■ **Problem statement**:
I need every line that includes the word "ezdxf" copied from the material.
Data in this exercise Start Marker
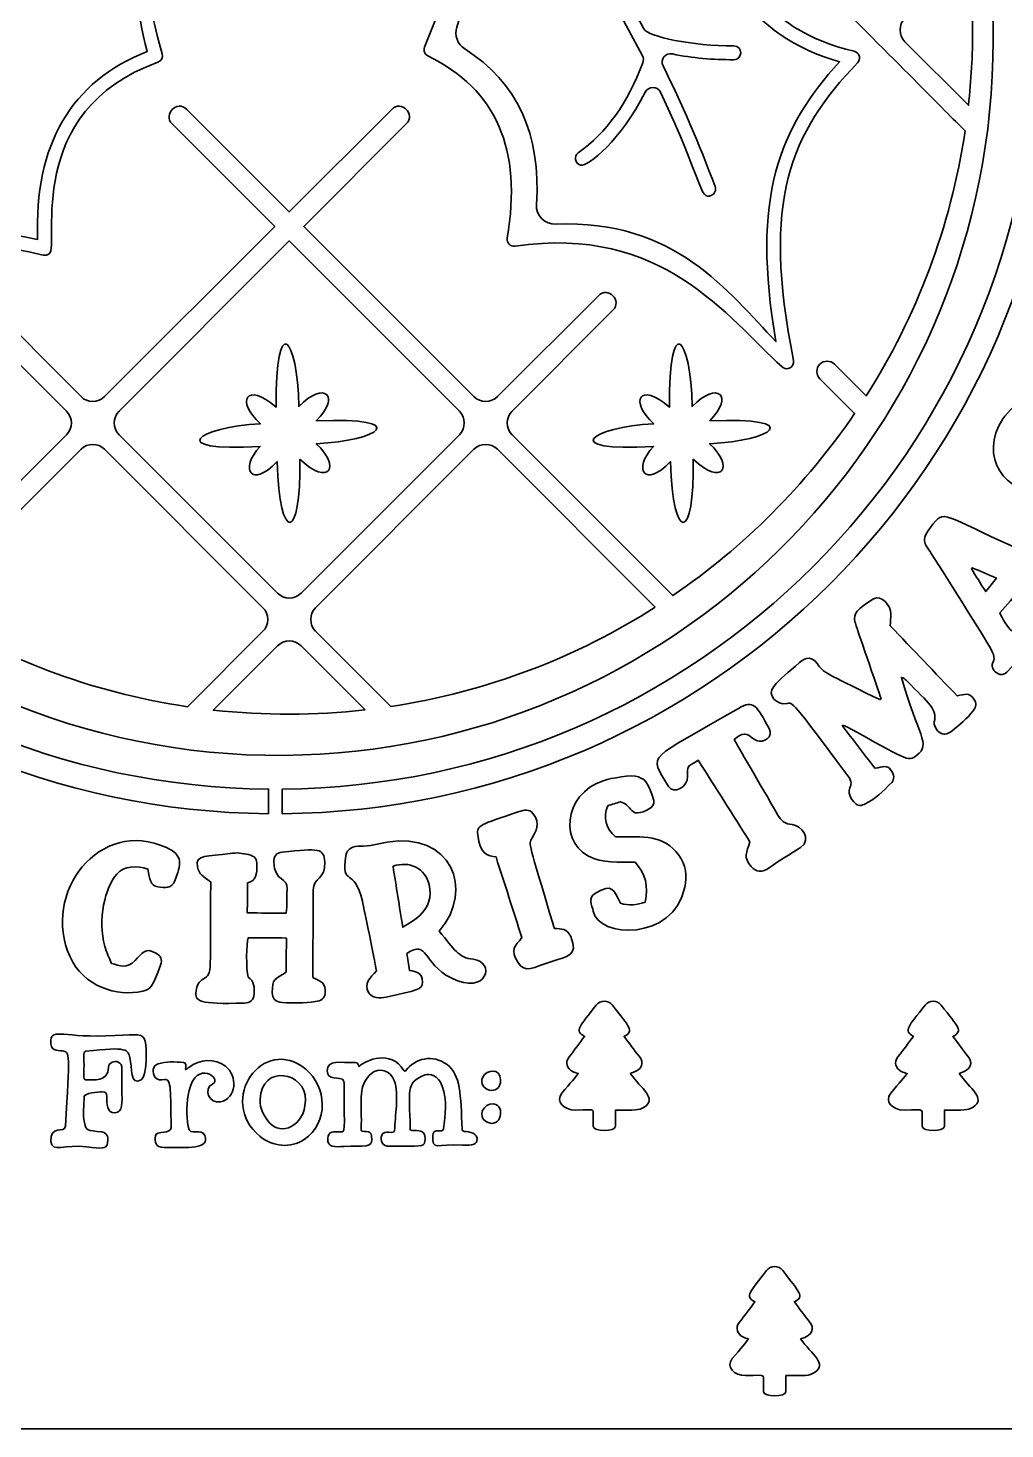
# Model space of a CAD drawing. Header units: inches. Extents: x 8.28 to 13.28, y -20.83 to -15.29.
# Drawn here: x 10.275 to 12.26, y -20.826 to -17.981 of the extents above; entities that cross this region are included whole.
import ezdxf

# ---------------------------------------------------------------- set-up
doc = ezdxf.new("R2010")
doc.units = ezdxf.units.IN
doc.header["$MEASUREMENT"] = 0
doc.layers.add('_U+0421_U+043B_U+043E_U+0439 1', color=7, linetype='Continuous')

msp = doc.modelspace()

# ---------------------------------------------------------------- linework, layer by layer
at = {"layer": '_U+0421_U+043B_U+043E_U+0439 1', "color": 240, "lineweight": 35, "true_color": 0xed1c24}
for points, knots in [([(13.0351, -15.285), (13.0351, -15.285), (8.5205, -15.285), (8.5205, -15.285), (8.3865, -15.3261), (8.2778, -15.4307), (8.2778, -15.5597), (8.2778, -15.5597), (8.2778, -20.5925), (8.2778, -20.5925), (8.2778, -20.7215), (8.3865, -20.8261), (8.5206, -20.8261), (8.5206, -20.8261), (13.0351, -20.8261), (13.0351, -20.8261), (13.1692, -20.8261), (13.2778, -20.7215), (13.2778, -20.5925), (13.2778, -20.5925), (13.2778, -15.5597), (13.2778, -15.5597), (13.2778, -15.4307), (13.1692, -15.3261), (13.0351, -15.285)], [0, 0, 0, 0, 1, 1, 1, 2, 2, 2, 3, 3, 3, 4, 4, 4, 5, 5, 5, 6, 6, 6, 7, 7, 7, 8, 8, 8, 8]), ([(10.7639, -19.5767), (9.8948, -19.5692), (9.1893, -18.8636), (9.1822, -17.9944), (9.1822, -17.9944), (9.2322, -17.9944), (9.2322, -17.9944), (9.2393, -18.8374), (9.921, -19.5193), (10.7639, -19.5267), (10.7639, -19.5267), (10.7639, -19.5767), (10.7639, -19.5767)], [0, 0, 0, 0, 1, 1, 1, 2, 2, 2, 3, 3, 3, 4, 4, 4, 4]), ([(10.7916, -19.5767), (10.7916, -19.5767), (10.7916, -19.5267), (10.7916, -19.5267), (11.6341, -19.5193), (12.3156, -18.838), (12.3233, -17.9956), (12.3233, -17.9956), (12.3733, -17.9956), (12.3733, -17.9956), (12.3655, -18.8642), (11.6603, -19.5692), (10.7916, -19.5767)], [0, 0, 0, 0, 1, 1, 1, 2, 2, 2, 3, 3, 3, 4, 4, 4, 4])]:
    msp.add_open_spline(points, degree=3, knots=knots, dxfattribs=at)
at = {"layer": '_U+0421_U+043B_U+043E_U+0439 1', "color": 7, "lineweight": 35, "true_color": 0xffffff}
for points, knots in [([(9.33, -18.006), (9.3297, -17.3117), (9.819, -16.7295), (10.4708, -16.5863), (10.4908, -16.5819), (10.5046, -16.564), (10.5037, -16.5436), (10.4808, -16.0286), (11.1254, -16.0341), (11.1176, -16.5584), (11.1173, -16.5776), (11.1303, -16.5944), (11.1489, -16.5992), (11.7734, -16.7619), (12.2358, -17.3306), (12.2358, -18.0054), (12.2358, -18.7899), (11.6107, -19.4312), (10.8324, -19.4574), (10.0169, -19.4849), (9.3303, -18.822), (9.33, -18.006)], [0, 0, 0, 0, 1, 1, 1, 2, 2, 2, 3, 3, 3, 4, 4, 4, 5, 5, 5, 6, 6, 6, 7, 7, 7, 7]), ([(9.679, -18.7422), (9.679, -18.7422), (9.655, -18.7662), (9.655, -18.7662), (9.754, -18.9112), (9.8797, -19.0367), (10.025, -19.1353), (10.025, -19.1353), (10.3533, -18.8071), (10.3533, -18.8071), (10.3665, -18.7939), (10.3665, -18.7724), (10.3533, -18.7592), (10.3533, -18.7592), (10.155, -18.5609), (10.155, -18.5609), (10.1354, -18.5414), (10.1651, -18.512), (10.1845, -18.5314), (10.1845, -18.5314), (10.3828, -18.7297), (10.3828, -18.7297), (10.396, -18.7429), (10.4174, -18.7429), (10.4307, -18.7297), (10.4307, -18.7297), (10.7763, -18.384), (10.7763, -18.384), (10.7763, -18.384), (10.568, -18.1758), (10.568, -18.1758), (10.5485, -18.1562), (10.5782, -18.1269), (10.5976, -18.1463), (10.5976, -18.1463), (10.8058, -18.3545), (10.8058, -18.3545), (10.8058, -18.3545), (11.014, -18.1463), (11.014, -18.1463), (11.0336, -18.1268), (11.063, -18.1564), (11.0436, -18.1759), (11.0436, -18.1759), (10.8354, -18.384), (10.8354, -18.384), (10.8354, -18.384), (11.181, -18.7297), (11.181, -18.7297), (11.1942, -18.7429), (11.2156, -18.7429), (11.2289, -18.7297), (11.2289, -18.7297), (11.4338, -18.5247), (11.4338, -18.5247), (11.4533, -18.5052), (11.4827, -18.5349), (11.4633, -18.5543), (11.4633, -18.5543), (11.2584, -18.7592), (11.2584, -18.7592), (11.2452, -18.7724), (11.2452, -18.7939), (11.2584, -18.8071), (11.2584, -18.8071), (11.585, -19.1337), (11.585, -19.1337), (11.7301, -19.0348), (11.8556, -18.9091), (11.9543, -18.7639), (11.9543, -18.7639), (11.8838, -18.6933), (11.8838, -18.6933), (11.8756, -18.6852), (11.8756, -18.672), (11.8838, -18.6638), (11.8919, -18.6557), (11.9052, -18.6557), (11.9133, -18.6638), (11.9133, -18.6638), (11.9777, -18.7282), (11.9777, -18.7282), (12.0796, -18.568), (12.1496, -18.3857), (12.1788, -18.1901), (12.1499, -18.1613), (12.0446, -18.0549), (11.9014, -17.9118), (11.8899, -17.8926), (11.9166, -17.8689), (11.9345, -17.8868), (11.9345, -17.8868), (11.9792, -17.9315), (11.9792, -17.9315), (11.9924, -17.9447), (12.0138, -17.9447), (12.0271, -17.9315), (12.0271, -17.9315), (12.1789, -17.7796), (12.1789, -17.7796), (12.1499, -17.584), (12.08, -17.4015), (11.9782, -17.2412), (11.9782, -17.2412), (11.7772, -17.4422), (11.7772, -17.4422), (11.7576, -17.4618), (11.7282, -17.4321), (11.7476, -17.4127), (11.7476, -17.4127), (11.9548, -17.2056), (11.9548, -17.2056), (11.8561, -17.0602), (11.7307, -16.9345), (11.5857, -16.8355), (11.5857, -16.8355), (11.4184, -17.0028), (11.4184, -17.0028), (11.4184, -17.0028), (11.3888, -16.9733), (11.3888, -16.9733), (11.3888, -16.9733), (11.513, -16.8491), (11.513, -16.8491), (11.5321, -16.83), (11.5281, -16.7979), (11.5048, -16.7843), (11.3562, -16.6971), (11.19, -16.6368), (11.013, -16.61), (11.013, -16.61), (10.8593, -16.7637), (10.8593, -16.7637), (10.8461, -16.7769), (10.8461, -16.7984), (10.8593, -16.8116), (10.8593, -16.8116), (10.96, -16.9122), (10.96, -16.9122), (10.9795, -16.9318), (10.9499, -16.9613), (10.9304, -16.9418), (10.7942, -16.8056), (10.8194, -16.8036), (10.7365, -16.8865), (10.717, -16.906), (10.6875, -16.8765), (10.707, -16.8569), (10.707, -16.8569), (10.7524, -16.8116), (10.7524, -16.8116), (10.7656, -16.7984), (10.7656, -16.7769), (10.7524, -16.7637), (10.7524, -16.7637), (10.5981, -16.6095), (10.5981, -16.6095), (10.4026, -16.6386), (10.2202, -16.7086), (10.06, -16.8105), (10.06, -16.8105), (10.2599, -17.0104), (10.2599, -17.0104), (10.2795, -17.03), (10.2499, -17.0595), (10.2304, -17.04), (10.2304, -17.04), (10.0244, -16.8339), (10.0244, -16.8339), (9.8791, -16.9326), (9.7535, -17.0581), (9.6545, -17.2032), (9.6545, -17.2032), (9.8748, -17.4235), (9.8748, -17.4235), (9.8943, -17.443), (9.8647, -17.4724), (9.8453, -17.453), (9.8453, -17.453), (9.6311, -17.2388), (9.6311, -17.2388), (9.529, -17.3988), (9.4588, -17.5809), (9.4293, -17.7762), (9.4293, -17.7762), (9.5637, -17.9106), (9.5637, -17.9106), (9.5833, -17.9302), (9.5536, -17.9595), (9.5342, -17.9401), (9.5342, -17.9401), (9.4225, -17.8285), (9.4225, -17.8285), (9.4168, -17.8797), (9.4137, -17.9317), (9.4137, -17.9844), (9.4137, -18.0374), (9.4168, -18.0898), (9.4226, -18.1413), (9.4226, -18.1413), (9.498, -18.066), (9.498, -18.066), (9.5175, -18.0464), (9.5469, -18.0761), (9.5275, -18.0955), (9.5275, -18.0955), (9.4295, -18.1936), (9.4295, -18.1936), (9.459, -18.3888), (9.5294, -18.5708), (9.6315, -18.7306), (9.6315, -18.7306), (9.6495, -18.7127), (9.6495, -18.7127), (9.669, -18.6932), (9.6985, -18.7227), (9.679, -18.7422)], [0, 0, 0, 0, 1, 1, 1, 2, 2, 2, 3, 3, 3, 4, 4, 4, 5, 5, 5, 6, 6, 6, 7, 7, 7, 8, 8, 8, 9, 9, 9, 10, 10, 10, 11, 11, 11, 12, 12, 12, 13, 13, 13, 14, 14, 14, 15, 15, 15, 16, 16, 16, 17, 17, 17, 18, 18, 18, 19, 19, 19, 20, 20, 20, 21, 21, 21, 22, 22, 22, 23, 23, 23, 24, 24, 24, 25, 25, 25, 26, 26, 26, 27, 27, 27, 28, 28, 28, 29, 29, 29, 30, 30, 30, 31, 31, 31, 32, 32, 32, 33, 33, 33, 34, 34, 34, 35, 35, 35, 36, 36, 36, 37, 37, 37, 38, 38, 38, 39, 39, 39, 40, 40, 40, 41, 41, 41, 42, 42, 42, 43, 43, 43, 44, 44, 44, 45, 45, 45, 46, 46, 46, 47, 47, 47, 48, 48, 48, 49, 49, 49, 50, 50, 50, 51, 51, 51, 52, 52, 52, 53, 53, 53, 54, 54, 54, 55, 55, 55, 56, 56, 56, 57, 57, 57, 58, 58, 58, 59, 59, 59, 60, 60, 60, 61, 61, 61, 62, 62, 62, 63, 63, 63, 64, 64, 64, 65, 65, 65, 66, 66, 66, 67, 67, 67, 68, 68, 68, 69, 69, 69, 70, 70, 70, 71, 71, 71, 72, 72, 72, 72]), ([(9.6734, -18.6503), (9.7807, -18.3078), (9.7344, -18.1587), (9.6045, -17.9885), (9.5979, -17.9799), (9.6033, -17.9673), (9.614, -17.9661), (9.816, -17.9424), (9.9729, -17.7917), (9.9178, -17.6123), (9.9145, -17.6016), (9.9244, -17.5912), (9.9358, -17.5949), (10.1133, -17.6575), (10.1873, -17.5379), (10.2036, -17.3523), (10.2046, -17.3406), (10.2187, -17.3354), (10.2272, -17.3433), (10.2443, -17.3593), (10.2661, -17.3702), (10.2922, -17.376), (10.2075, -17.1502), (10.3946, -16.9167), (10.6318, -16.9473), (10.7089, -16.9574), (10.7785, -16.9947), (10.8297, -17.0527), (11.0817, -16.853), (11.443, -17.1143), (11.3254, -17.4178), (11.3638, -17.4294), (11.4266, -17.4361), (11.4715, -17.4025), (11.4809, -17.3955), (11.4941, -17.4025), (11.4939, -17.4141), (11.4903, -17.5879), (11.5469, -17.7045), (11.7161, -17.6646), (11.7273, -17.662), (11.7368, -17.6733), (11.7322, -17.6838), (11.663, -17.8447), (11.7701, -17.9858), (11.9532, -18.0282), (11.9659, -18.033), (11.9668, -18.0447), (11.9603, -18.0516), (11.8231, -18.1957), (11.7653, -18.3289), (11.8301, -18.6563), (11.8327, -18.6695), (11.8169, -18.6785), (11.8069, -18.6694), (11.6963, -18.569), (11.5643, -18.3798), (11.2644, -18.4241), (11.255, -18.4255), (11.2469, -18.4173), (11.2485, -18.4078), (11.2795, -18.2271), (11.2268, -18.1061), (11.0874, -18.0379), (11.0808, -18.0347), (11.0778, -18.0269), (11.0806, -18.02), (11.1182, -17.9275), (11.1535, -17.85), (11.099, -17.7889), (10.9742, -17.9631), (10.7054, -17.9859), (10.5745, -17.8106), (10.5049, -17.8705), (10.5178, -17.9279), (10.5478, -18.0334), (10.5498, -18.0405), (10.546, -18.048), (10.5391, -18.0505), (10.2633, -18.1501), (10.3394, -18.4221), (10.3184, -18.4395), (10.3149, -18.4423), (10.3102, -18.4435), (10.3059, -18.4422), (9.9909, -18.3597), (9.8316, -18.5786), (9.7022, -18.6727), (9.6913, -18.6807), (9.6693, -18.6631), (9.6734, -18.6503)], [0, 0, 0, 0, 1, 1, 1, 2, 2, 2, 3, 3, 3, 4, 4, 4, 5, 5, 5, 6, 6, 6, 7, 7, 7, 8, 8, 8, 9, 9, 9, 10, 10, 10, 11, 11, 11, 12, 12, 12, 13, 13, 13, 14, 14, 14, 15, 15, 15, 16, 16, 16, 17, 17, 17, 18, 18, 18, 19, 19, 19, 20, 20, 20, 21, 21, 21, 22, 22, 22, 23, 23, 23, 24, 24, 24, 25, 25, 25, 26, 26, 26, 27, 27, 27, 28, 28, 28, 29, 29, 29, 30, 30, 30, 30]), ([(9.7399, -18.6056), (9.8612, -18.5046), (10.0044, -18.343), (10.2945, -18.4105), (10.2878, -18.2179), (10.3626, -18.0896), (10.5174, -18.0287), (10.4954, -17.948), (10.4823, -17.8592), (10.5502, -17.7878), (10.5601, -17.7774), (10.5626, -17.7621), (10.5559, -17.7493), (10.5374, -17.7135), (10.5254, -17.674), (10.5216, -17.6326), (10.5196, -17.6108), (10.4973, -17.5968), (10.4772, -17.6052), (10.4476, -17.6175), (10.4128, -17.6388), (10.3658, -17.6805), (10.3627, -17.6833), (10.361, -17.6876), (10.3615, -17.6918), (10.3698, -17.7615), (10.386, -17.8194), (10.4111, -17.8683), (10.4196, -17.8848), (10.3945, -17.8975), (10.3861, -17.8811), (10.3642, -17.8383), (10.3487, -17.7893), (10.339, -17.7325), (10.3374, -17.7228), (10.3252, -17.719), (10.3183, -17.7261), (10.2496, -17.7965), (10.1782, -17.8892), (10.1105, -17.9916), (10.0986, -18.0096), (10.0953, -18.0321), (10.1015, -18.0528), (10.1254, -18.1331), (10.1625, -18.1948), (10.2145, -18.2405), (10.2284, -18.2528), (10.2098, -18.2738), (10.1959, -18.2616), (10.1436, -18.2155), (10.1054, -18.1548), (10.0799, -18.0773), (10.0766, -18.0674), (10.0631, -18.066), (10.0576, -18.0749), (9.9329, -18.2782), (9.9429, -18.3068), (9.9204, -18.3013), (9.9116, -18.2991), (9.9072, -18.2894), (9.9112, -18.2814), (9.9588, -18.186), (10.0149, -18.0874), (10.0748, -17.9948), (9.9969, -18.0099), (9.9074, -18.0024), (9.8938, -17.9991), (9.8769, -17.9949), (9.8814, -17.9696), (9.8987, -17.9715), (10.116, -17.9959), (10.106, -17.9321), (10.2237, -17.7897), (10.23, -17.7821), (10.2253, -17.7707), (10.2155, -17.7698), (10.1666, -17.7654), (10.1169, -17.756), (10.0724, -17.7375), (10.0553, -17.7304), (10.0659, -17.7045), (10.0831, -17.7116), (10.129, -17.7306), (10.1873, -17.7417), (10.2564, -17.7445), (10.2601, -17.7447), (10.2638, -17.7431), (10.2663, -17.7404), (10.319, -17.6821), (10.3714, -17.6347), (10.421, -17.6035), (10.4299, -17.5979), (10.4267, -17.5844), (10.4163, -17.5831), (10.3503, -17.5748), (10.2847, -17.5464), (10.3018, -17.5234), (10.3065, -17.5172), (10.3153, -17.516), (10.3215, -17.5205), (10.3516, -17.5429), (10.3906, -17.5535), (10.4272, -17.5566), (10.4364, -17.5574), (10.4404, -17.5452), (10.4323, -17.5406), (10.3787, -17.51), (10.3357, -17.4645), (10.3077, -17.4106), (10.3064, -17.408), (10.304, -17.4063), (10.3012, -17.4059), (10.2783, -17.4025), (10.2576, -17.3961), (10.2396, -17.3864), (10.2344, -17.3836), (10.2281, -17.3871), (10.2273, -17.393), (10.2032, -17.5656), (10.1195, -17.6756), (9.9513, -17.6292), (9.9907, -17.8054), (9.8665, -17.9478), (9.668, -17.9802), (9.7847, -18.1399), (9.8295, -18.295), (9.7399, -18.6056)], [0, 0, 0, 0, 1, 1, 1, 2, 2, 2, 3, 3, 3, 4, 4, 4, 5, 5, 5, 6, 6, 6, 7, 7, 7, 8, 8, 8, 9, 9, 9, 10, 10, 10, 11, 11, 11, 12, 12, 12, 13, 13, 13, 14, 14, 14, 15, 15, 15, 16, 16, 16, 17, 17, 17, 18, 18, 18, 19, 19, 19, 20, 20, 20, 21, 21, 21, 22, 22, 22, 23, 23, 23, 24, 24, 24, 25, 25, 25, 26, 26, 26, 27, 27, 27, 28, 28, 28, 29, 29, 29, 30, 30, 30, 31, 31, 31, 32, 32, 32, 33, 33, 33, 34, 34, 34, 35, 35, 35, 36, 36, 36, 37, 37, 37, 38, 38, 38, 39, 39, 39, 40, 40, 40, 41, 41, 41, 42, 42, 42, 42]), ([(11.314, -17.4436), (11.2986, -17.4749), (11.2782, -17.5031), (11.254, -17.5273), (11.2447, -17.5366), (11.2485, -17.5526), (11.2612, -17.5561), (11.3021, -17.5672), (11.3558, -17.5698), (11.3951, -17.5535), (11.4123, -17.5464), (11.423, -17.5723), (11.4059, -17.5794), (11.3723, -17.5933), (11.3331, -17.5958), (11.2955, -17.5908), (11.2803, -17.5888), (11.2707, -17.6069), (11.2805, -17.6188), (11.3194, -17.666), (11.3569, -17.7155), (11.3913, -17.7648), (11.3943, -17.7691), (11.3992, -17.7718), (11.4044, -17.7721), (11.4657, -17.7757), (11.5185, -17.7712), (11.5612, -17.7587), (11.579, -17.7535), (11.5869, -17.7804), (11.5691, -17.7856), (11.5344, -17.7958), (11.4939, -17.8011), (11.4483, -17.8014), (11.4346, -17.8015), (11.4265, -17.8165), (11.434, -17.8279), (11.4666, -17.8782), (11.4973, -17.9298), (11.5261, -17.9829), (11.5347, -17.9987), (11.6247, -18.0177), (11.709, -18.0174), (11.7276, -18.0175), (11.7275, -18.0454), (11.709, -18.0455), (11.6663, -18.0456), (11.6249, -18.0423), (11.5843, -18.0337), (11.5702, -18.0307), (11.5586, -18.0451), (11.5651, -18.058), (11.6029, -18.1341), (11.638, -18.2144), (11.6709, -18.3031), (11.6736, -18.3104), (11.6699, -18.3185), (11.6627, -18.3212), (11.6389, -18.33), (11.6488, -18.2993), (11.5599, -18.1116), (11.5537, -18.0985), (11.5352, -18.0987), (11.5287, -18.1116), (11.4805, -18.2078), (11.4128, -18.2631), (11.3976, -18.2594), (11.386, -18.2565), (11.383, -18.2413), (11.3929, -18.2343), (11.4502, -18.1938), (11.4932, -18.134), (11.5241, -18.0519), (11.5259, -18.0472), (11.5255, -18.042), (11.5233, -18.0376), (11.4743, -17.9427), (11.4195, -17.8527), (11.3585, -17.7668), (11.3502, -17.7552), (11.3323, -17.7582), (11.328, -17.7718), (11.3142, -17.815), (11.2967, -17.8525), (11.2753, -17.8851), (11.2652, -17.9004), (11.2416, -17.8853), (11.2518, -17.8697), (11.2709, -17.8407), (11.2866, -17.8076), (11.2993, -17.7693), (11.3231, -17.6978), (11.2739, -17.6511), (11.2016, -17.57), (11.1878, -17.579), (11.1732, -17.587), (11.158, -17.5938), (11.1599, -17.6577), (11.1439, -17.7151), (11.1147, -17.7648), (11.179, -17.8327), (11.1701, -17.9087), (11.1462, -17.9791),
Data in this exercise End Marker
■ **Final answer**:
import ezdxf
doc = ezdxf.new("R2010")
doc.units = ezdxf.units.IN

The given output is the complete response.